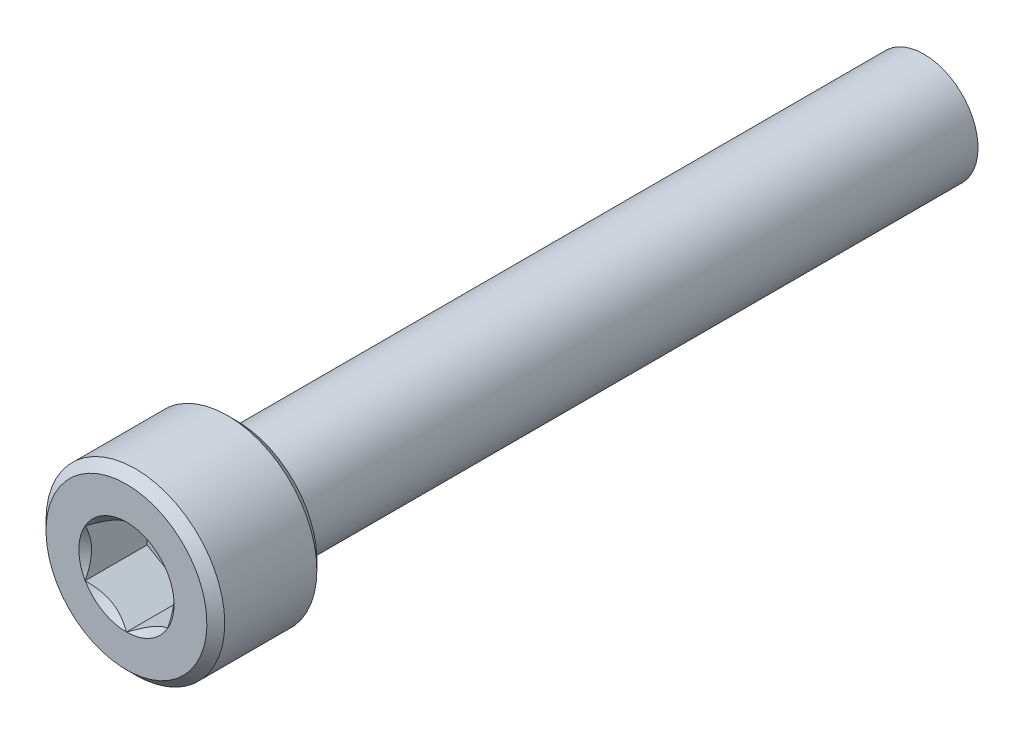
ISO-10303-21;
HEADER;
FILE_DESCRIPTION(('STEP AP214'),'2;1');
FILE_NAME('part.step','',(''),(''),'','','');
FILE_SCHEMA(('AUTOMOTIVE_DESIGN { 1 0 10303 214 1 1 1 1 }'));
ENDSEC;
DATA;
#1=APPLICATION_CONTEXT('core data for automotive mechanical design processes');
#2=APPLICATION_PROTOCOL_DEFINITION('international standard','automotive_design',2000,#1);
#3=PRODUCT_CONTEXT('',#1,'mechanical');
#4=PRODUCT('Part','Part','',(#3));
#5=PRODUCT_RELATED_PRODUCT_CATEGORY('part','',(#4));
#6=PRODUCT_DEFINITION_FORMATION('','',#4);
#7=PRODUCT_DEFINITION_CONTEXT('part definition',#1,'design');
#8=PRODUCT_DEFINITION('design','',#6,#7);
#9=PRODUCT_DEFINITION_SHAPE('','',#8);
#10=(LENGTH_UNIT() NAMED_UNIT(*) SI_UNIT(.MILLI.,.METRE.));
#11=(NAMED_UNIT(*) PLANE_ANGLE_UNIT() SI_UNIT($,.RADIAN.));
#12=(NAMED_UNIT(*) SI_UNIT($,.STERADIAN.) SOLID_ANGLE_UNIT());
#13=UNCERTAINTY_MEASURE_WITH_UNIT(LENGTH_MEASURE(1.E-05),#10,'distance_accuracy_value','');
#14=(GEOMETRIC_REPRESENTATION_CONTEXT(3) GLOBAL_UNCERTAINTY_ASSIGNED_CONTEXT((#13)) GLOBAL_UNIT_ASSIGNED_CONTEXT((#10,
#11,#12)) REPRESENTATION_CONTEXT('',''));
#15=CARTESIAN_POINT('',(0.,0.,0.));
#16=DIRECTION('',(0.,0.,1.));
#17=DIRECTION('',(1.,0.,0.));
#18=AXIS2_PLACEMENT_3D('',#15,#16,#17);
#19=CARTESIAN_POINT('',(3.,-5.19615242270663,3.5));
#20=DIRECTION('',(0.,0.,1.));
#21=DIRECTION('',(0.,-1.,0.));
#22=AXIS2_PLACEMENT_3D('',#19,#20,#21);
#23=PLANE('',#22);
#24=DIRECTION('',(-0.866025403784439,-0.5,0.));
#25=VECTOR('',#24,1.);
#26=CARTESIAN_POINT('',(0.,3.46410161513776,3.5));
#27=LINE('',#26,#25);
#28=CARTESIAN_POINT('',(0.,3.46410161513776,3.5));
#29=VERTEX_POINT('',#28);
#30=CARTESIAN_POINT('',(-3.,1.73205080756888,3.5));
#31=VERTEX_POINT('',#30);
#32=EDGE_CURVE('E82',#29,#31,#27,.T.);
#33=ORIENTED_EDGE('',*,*,#32,.T.);
#34=DIRECTION('',(0.,-1.,0.));
#35=VECTOR('',#34,1.);
#36=CARTESIAN_POINT('',(-3.,1.73205080756888,3.5));
#37=LINE('',#36,#35);
#38=CARTESIAN_POINT('',(-3.,-1.73205080756888,3.5));
#39=VERTEX_POINT('',#38);
#40=EDGE_CURVE('E84',#31,#39,#37,.T.);
#41=ORIENTED_EDGE('',*,*,#40,.T.);
#42=DIRECTION('',(0.866025403784439,-0.5,0.));
#43=VECTOR('',#42,1.);
#44=CARTESIAN_POINT('',(-3.,-1.73205080756888,3.5));
#45=LINE('',#44,#43);
#46=CARTESIAN_POINT('',(0.,-3.46410161513776,3.5));
#47=VERTEX_POINT('',#46);
#48=EDGE_CURVE('E85',#39,#47,#45,.T.);
#49=ORIENTED_EDGE('',*,*,#48,.T.);
#50=DIRECTION('',(0.866025403784439,0.5,0.));
#51=VECTOR('',#50,1.);
#52=CARTESIAN_POINT('',(0.,-3.46410161513776,3.5));
#53=LINE('',#52,#51);
#54=CARTESIAN_POINT('',(3.,-1.73205080756888,3.5));
#55=VERTEX_POINT('',#54);
#56=EDGE_CURVE('E71',#47,#55,#53,.T.);
#57=ORIENTED_EDGE('',*,*,#56,.T.);
#58=DIRECTION('',(0.,1.,0.));
#59=VECTOR('',#58,1.);
#60=CARTESIAN_POINT('',(3.,-1.73205080756888,3.5));
#61=LINE('',#60,#59);
#62=CARTESIAN_POINT('',(3.,1.73205080756888,3.5));
#63=VERTEX_POINT('',#62);
#64=EDGE_CURVE('E110',#55,#63,#61,.T.);
#65=ORIENTED_EDGE('',*,*,#64,.T.);
#66=DIRECTION('',(-0.866025403784439,0.5,0.));
#67=VECTOR('',#66,1.);
#68=CARTESIAN_POINT('',(3.,1.73205080756888,3.5));
#69=LINE('',#68,#67);
#70=EDGE_CURVE('E115',#63,#29,#69,.T.);
#71=ORIENTED_EDGE('',*,*,#70,.T.);
#72=EDGE_LOOP('',(#33,#41,#49,#57,#65,#71));
#73=FACE_BOUND('',#72,.T.);
#74=ADVANCED_FACE('F16',(#73),#23,.T.);
#75=CARTESIAN_POINT('',(-3.,-1.73205080756888,3.5));
#76=DIRECTION('',(-0.5,-0.866025403784439,0.));
#77=DIRECTION('',(0.866025403784439,-0.5,0.));
#78=AXIS2_PLACEMENT_3D('',#75,#76,#77);
#79=PLANE('',#78);
#80=CARTESIAN_POINT('',(-2.99999999999032,-1.7320508075832,8.00000000004136));
#81=CARTESIAN_POINT('',(-2.89688854158698,-1.79158223584331,7.9405256964109));
#82=CARTESIAN_POINT('',(-2.79205304728486,-1.85210903669697,7.88454499927976));
#83=CARTESIAN_POINT('',(-2.57828271602221,-1.97552939499453,7.78204673290586));
#84=CARTESIAN_POINT('',(-2.46932756060096,-2.03843468330721,7.73558617503093));
#85=CARTESIAN_POINT('',(-2.24962485444419,-2.16528009984896,7.65599891925579));
#86=CARTESIAN_POINT('',(-2.13893322488729,-2.2291879419705,7.62267223591901));
#87=CARTESIAN_POINT('',(-1.91511368639457,-2.35841021276905,7.57132616074406));
#88=CARTESIAN_POINT('',(-1.80199261010754,-2.42372069661444,7.55326845527869));
#89=CARTESIAN_POINT('',(-1.60702348021882,-2.53628617623938,7.53697523665388));
#90=CARTESIAN_POINT('',(-1.52542705975241,-2.58339589156056,7.53456399619299));
#91=CARTESIAN_POINT('',(-1.36236704805204,-2.67753863320983,7.53863151806395));
#92=CARTESIAN_POINT('',(-1.28090351339421,-2.72457162687367,7.545113396421));
#93=CARTESIAN_POINT('',(-1.11874833460044,-2.81819196300075,7.56659704587872));
#94=CARTESIAN_POINT('',(-1.03805765621663,-2.86477874788674,7.58160834263353));
#95=CARTESIAN_POINT('',(-0.878062170848356,-2.95715218443323,7.61933151354671));
#96=CARTESIAN_POINT('',(-0.798757258069119,-3.00293889717438,7.64204279713312));
#97=CARTESIAN_POINT('',(-0.657986748130276,-3.08421278898154,7.68876371422157));
#98=CARTESIAN_POINT('',(-0.596209197436678,-3.11988007450436,7.71154386359159));
#99=CARTESIAN_POINT('',(-0.473762853058809,-3.19057450439221,7.76077453974336));
#100=CARTESIAN_POINT('',(-0.413094092865233,-3.22560162942137,7.78722517718446));
#101=CARTESIAN_POINT('',(-0.293056496944738,-3.29490536773894,7.84320408348193));
#102=CARTESIAN_POINT('',(-0.233684247446644,-3.32918395196906,7.87272267287432));
#103=CARTESIAN_POINT('',(-0.116038978212991,-3.39710647983,7.93445005433357));
#104=CARTESIAN_POINT('',(-0.0577653112790005,-3.430750797121,7.96665719768312));
#105=CARTESIAN_POINT('',(-1.43648357031693E-11,-3.46410161512946,8.00000000004499));
#106=B_SPLINE_CURVE_WITH_KNOTS('',3,(#80,#81,#82,#83,#84,#85,#86,#87,#88,#89,#90,#91,#92,#93,
#94,#95,#96,#97,#98,#99,#100,#101,#102,#103,#104,#105),.UNSPECIFIED.,.F.,.F.,(4,2,2,2,2,2,2,2,2,
2,2,2,4),(0.,0.399548839738843,0.801424624392494,1.19691998043515,1.59141997109659,
1.87377108833457,2.15622116274835,2.43898729914404,2.7217317529063,2.94627735487685,
3.17082972801043,3.39469398393905,3.61842195284949),.UNSPECIFIED.);
#107=CARTESIAN_POINT('',(-2.99999999999255,-1.73205080756458,8.00000000004468));
#108=VERTEX_POINT('',#107);
#109=CARTESIAN_POINT('',(5.61843602158199E-12,-3.46410161512591,8.00000000004144));
#110=VERTEX_POINT('',#109);
#111=EDGE_CURVE('E19',#108,#110,#106,.T.);
#112=ORIENTED_EDGE('',*,*,#111,.T.);
#113=DIRECTION('',(0.,0.,1.));
#114=VECTOR('',#113,1.);
#115=CARTESIAN_POINT('',(0.,-3.46410161513776,3.5));
#116=LINE('',#115,#114);
#117=EDGE_CURVE('E90',#110,#47,#116,.F.);
#118=ORIENTED_EDGE('',*,*,#117,.T.);
#119=ORIENTED_EDGE('',*,*,#48,.F.);
#120=DIRECTION('',(0.,0.,1.));
#121=VECTOR('',#120,1.);
#122=CARTESIAN_POINT('',(-3.,-1.73205080756888,3.5));
#123=LINE('',#122,#121);
#124=EDGE_CURVE('E58',#39,#108,#123,.T.);
#125=ORIENTED_EDGE('',*,*,#124,.T.);
#126=EDGE_LOOP('',(#112,#118,#119,#125));
#127=FACE_BOUND('',#126,.T.);
#128=ADVANCED_FACE('F89',(#127),#79,.F.);
#129=CARTESIAN_POINT('',(-3.,1.73205080756888,3.5));
#130=DIRECTION('',(-1.,0.,0.));
#131=DIRECTION('',(0.,-1.,0.));
#132=AXIS2_PLACEMENT_3D('',#129,#130,#131);
#133=PLANE('',#132);
#134=CARTESIAN_POINT('',(-3.00000000000756,1.73205080755334,8.00000000004136));
#135=CARTESIAN_POINT('',(-3.00000000000272,1.61298795102473,7.9405256964109));
#136=CARTESIAN_POINT('',(-3.00000000000073,1.49193434931396,7.88454499927976));
#137=CARTESIAN_POINT('',(-2.99999999999927,1.24509363271631,7.78204673290586));
#138=CARTESIAN_POINT('',(-2.99999999999981,1.11928305609189,7.73558617503093));
#139=CARTESIAN_POINT('',(-3.00000000000019,0.86559222300906,7.65599891925579));
#140=CARTESIAN_POINT('',(-3.00000000000005,0.737776538765718,7.62267223591901));
#141=CARTESIAN_POINT('',(-2.99999999999995,0.479331997168439,7.57132616074405));
#142=CARTESIAN_POINT('',(-2.99999999999999,0.348711029477738,7.55326845527868));
#143=CARTESIAN_POINT('',(-3.00000000000001,0.123580070227885,7.53697523665387));
#144=CARTESIAN_POINT('',(-3.,0.0293606395855113,7.53456399619298));
#145=CARTESIAN_POINT('',(-3.,-0.158924843713037,7.53863151806394));
#146=CARTESIAN_POINT('',(-3.,-0.252990831040703,7.54511339642099));
#147=CARTESIAN_POINT('',(-3.,-0.440231503294856,7.56659704587872));
#148=CARTESIAN_POINT('',(-3.,-0.533405073066836,7.58160834263352));
#149=CARTESIAN_POINT('',(-3.,-0.718151946159826,7.61933151354671));
#150=CARTESIAN_POINT('',(-3.,-0.809725371642131,7.64204279713312));
#151=CARTESIAN_POINT('',(-3.,-0.972273155256436,7.68876371422157));
#152=CARTESIAN_POINT('',(-3.,-1.04360772630208,7.71154386359159));
#153=CARTESIAN_POINT('',(-3.,-1.18499658607778,7.76077453974336));
#154=CARTESIAN_POINT('',(-3.,-1.25505083613611,7.78722517718446));
#155=CARTESIAN_POINT('',(-3.,-1.39365831277125,7.84320408348193));
#156=CARTESIAN_POINT('',(-3.,-1.46221548123149,7.87272267287432));
#157=CARTESIAN_POINT('',(-3.,-1.59806053695336,7.93445005433357));
#158=CARTESIAN_POINT('',(-3.,-1.66534917153537,7.96665719768312));
#159=CARTESIAN_POINT('',(-3.,-1.73205080755229,8.00000000004499));
#160=B_SPLINE_CURVE_WITH_KNOTS('',3,(#134,#135,#136,#137,#138,#139,#140,#141,#142,#143,#144,
#145,#146,#147,#148,#149,#150,#151,#152,#153,#154,#155,#156,#157,#158,#159),.UNSPECIFIED.,.F.,
.F.,(4,2,2,2,2,2,2,2,2,2,2,2,4),(0.,0.399548839738845,0.801424624392497,1.19691998043516,
1.59141997109659,1.87377108833457,2.15622116274836,2.43898729914404,2.7217317529063,
2.94627735487685,3.17082972801044,3.39469398393906,3.6184219528495),.UNSPECIFIED.);
#161=CARTESIAN_POINT('',(-2.99999999999255,1.73205080756458,8.00000000004468));
#162=VERTEX_POINT('',#161);
#163=EDGE_CURVE('E94',#162,#108,#160,.T.);
#164=ORIENTED_EDGE('',*,*,#163,.T.);
#165=ORIENTED_EDGE('',*,*,#124,.F.);
#166=ORIENTED_EDGE('',*,*,#40,.F.);
#167=DIRECTION('',(0.,0.,1.));
#168=VECTOR('',#167,1.);
#169=CARTESIAN_POINT('',(-3.,1.73205080756888,3.5));
#170=LINE('',#169,#168);
#171=EDGE_CURVE('E96',#31,#162,#170,.T.);
#172=ORIENTED_EDGE('',*,*,#171,.T.);
#173=EDGE_LOOP('',(#164,#165,#166,#172));
#174=FACE_BOUND('',#173,.T.);
#175=ADVANCED_FACE('F92',(#174),#133,.F.);
#176=CARTESIAN_POINT('',(0.,3.46410161513776,3.5));
#177=DIRECTION('',(-0.5,0.866025403784439,0.));
#178=DIRECTION('',(-0.866025403784439,-0.5,0.));
#179=AXIS2_PLACEMENT_3D('',#176,#177,#178);
#180=PLANE('',#179);
#181=CARTESIAN_POINT('',(-1.72454109732172E-11,3.46410161513654,8.00000000004137));
#182=CARTESIAN_POINT('',(-0.103111458415738,3.40457018686804,7.9405256964109));
#183=CARTESIAN_POINT('',(-0.207946952715874,3.34404338601093,7.88454499927977));
#184=CARTESIAN_POINT('',(-0.42171728397706,3.22062302771084,7.78204673290587));
#185=CARTESIAN_POINT('',(-0.53067243939885,3.15771773939909,7.73558617503093));
#186=CARTESIAN_POINT('',(-0.750375145556008,3.03087232285802,7.6559989192558));
#187=CARTESIAN_POINT('',(-0.861066775112762,2.96696448073622,7.62267223591901));
#188=CARTESIAN_POINT('',(-1.08488631360538,2.8377422099375,7.57132616074406));
#189=CARTESIAN_POINT('',(-1.19800738989245,2.77243172609218,7.55326845527869));
#190=CARTESIAN_POINT('',(-1.39297651978119,2.65986624646727,7.53697523665388));
#191=CARTESIAN_POINT('',(-1.47457294024759,2.61275653114608,7.53456399619299));
#192=CARTESIAN_POINT('',(-1.63763295194796,2.5186137894968,7.53863151806395));
#193=CARTESIAN_POINT('',(-1.71909648660579,2.47158079583297,7.545113396421));
#194=CARTESIAN_POINT('',(-1.88125166539956,2.37796045970589,7.56659704587872));
#195=CARTESIAN_POINT('',(-1.96194234378338,2.3313736748199,7.58160834263353));
#196=CARTESIAN_POINT('',(-2.12193782915165,2.23900023827341,7.61933151354671));
#197=CARTESIAN_POINT('',(-2.20124274193088,2.19321352553226,7.64204279713312));
#198=CARTESIAN_POINT('',(-2.34201325186973,2.1119396337251,7.68876371422157));
#199=CARTESIAN_POINT('',(-2.40379080256332,2.07627234820228,7.7115438635916));
#200=CARTESIAN_POINT('',(-2.52623714694119,2.00557791831443,7.76077453974336));
#201=CARTESIAN_POINT('',(-2.58690590713477,1.97055079328527,7.78722517718446));
#202=CARTESIAN_POINT('',(-2.70694350305526,1.9012470549677,7.84320408348194));
#203=CARTESIAN_POINT('',(-2.76631575255336,1.86696847073758,7.87272267287432));
#204=CARTESIAN_POINT('',(-2.88396102178701,1.79904594287664,7.93445005433357));
#205=CARTESIAN_POINT('',(-2.942234688721,1.76540162558564,7.96665719768312));
#206=CARTESIAN_POINT('',(-2.99999999998564,1.73205080757718,8.00000000004499));
#207=B_SPLINE_CURVE_WITH_KNOTS('',3,(#181,#182,#183,#184,#185,#186,#187,#188,#189,#190,#191,
#192,#193,#194,#195,#196,#197,#198,#199,#200,#201,#202,#203,#204,#205,#206),.UNSPECIFIED.,.F.,
.F.,(4,2,2,2,2,2,2,2,2,2,2,2,4),(0.,0.399548839738842,0.801424624392494,1.19691998043515,
1.59141997109659,1.87377108833457,2.15622116274835,2.43898729914404,2.7217317529063,
2.94627735487685,3.17082972801043,3.39469398393906,3.61842195284949),.UNSPECIFIED.);
#208=CARTESIAN_POINT('',(0.,3.46410161512916,8.00000000004468));
#209=VERTEX_POINT('',#208);
#210=EDGE_CURVE('E197',#209,#162,#207,.T.);
#211=ORIENTED_EDGE('',*,*,#210,.T.);
#212=ORIENTED_EDGE('',*,*,#171,.F.);
#213=ORIENTED_EDGE('',*,*,#32,.F.);
#214=DIRECTION('',(0.,0.,1.));
#215=VECTOR('',#214,1.);
#216=CARTESIAN_POINT('',(0.,3.46410161513776,3.5));
#217=LINE('',#216,#215);
#218=EDGE_CURVE('E112',#29,#209,#217,.T.);
#219=ORIENTED_EDGE('',*,*,#218,.T.);
#220=EDGE_LOOP('',(#211,#212,#213,#219));
#221=FACE_BOUND('',#220,.T.);
#222=ADVANCED_FACE('F207',(#221),#180,.F.);
#223=CARTESIAN_POINT('',(3.,1.73205080756888,3.5));
#224=DIRECTION('',(0.5,0.866025403784439,0.));
#225=DIRECTION('',(-0.866025403784439,0.5,0.));
#226=AXIS2_PLACEMENT_3D('',#223,#224,#225);
#227=PLANE('',#226);
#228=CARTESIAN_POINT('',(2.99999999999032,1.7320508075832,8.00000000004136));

******************************

From the line containing "#221=FACE_BOUND('',#220,.T.);" through the last line of the records, output each line exactly and nothing more.

#221=FACE_BOUND('',#220,.T.);
#222=ADVANCED_FACE('F207',(#221),#180,.F.);
#223=CARTESIAN_POINT('',(3.,1.73205080756888,3.5));
#224=DIRECTION('',(0.5,0.866025403784439,0.));
#225=DIRECTION('',(-0.866025403784439,0.5,0.));
#226=AXIS2_PLACEMENT_3D('',#223,#224,#225);
#227=PLANE('',#226);
#228=CARTESIAN_POINT('',(2.99999999999032,1.7320508075832,8.00000000004136));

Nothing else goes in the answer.